Another writer sent me a link to a BusinessWeek article about a summer boot camp for musicians that reminded me, once again, that what separates amateurs from professionals in any creative endeavor is practice. And not just any practice, but deliberate, intentional practice, often four or five hours a day — focusing on weaknesses, getting better, always striving to improve your skills and your techniques. Mindless repitition only reinforces bad habits, but good practice, and lots of of it, is far more important than native talent. Here’s a key passage:
The results were clear-cut, with little room for any sort of inscrutable God-given talent. The elite musicians had simply practiced far more than the others. “That’s been replicated for all sorts of things — chess players and athletes, dart players,” says Ericsson. “The only striking difference between experts and amateurs is in this capability to deliberately practice.” The group even determined the number of hours musicians must play to compete at the highest professional level — about 10,000, the equivalent of practicing four hours a day, every day, for almost seven years.

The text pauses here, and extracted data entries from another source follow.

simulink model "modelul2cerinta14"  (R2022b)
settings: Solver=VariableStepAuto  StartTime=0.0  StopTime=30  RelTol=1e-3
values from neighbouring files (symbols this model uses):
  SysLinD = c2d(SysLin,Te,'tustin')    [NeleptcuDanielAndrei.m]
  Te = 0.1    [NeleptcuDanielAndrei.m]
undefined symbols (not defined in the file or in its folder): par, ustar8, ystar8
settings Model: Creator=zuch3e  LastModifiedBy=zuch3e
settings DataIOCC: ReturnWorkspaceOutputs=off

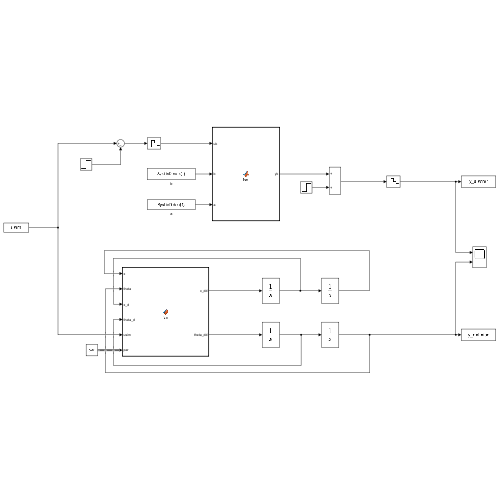
[thumbnail: Simulink's stored preview of the top-level diagram]
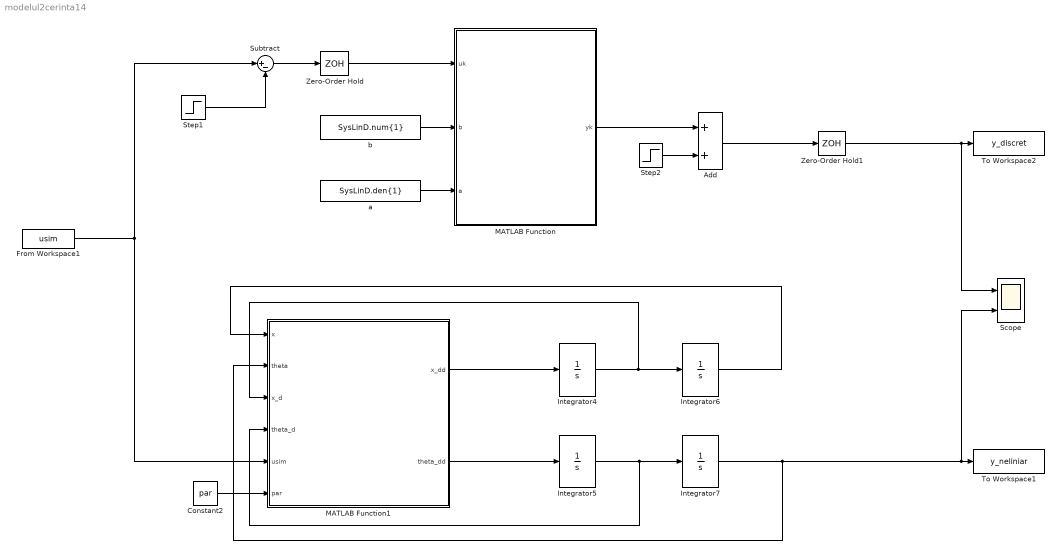
== system modelul2cerinta14 ==
  Add : Sum
  Constant2 : Constant  Value=par  OutDataTypeStr=Bus: par_bus
  From Workspace1 : FromWorkspace  VariableName=usim
  Integrator{4..7} (4 alike) : Integrator
  MATLAB Function : MATLAB Function  TreatAsAtomicUnit=on
  MATLAB Function1 : MATLAB Function  TreatAsAtomicUnit=on
  Scope : Scope  NumInputPorts=2
  Step1 : Step  After=ustar8  SampleTime=0
  Step2 : Step  After=ystar8  SampleTime=0
  Subtract : Sum  Inputs=|+-
  To Workspace1 : ToWorkspace  VariableName=y_neliniar  SaveFormat=Timeseries  SampleTime=-1
  To Workspace2 : ToWorkspace  VariableName=y_discret  SaveFormat=Timeseries  SampleTime=-1
  Zero-Order Hold : ZeroOrderHold  SampleTime=Te
  Zero-Order Hold1 : ZeroOrderHold  SampleTime=Te
  a : Constant  Value=SysLinD.den{1}
  b : Constant  Value=SysLinD.num{1}
  wires:
  Subtract/1 -> Zero-Order Hold/1
  Zero-Order Hold/1 -> MATLAB Function/1(uk)
  Add/1 -> Zero-Order Hold1/1
  Step1/1 -> Subtract/2
  Step2/1 -> Add/2
  From Workspace1/1 -> Subtract/1, MATLAB Function1/5(usim)
  b/1 -> MATLAB Function/2(b)
  a/1 -> MATLAB Function/3(a)
  Integrator4/1 -> MATLAB Function1/3(x_d), Integrator6/1
  Constant2/1 -> MATLAB Function1/6(par)
  Integrator5/1 -> MATLAB Function1/4(theta_d), Integrator7/1
  Integrator6/1 -> MATLAB Function1/1(x)
  MATLAB Function1/2(theta_dd) -> Integrator5/1
  Integrator7/1 -> MATLAB Function1/2(theta), Scope/2, To Workspace1/1
  MATLAB Function1/1(x_dd) -> Integrator4/1
  MATLAB Function/1(yk) -> Add/1
  Zero-Order Hold1/1 -> Scope/1, To Workspace2/1

== matlab function modelul2cerinta14/MATLAB Function1 ==
  data: x input; x_dd output; theta input; x_d input; theta_d input; usim input; par input; theta_dd output
function [x_dd, theta_dd] = fcn(x,theta,x_d,theta_d,usim, par)
x_dd = ((par.l0 + x) * (theta_d^2)) - (par.k*x)/par.m + par.g*cos(theta) - par.zeta*x_d;
theta_dd = ((-1)*par.g*sin(theta))/(par.l0 + x) - (2*x_d*theta_d)/(par.l0 + x) - par.zeta*theta_d + usim/(par.m*((par.l0 + x)^2));
end

== matlab function modelul2cerinta14/MATLAB Function ==
  data: uk input; yk output; b input; a input
function yk = fcn(uk,b,a)

persistent uk1 uk2 uk3 uk4 yk1 yk2 yk3 yk4

% b - coef pt numaratorul functiei de transfer
% a - coef pt numitorul functiei de transfer
[b0,b1,b2,b3,b4,a0,a1,a2,a3,a4] = deal(b(1),b(2),b(3),b(4),b(5),a(1),a(2),a(3),a(4),a(5));


%Verific daca sunt la inceput si nu am nimic in uk si yk
if isempty(uk1) && isempty(uk2) && isempty(uk3) && isempty(uk4) && isempty(yk1) && isempty(yk2) && isempty(yk3) && isempty(yk4)
    [uk1,uk2,uk3,uk4,yk1,yk2,yk3,yk4] = deal(0,0,0,0,0,0,0,0);
end


%Ecuatia cu diferente echivalenta cu cea construita in codul matlab
yk = (1/a0) * (b0*uk + b1*uk1 + b2*uk2 + b3*uk3 + b4*uk4 - a1*yk1 - a2*yk2 - a3*yk3 - a4*yk4);


%Updatare valori pentru pasul urmator
[uk1,uk2,uk3,uk4,yk1,yk2,yk3,yk4] = deal(uk,uk1,uk2,uk3,yk,yk1,yk2,yk3);

end

I’m still amazed at how many people I meet that think that if someone’s successful at writing (or art or music), that means they’re more talented than the rest of us. And while I don’t dispute that everyone has certain aptitudes, things they are better at than others, I would take the driven student, the one willing to work harder than all the others, over the “most talented one in the class” any day of the week. Give the hard worker ten years and suddenly everyone will be saying how talented he is. It happens every time.
I know my own modest sucess as a writer only happened after I got serious about productivity, when I started writing on an annual basis what it used to take me ten years to write. I went from writing four or five short stories a year to the equivalent of thirty or forty stories a year, though some of that was in novels, too. I also know that to get where I want to go, I have to up the productivity again. With a full time job and two young children, this is easier said than done, but there’s always time to do what’s most important. There also comes a point at which you cannot envision dedicating your life to anything else — that outside of your family, nothing is as remotely as appealing.
In the end, I do think the work itself is its own reward, and when you reach that point, a strange sort of thing happens. When you read an article like the one I mentioned above, you don’t think “My God, that’s a lot of work,” but instead, “My god, I need to be working that hard, too.”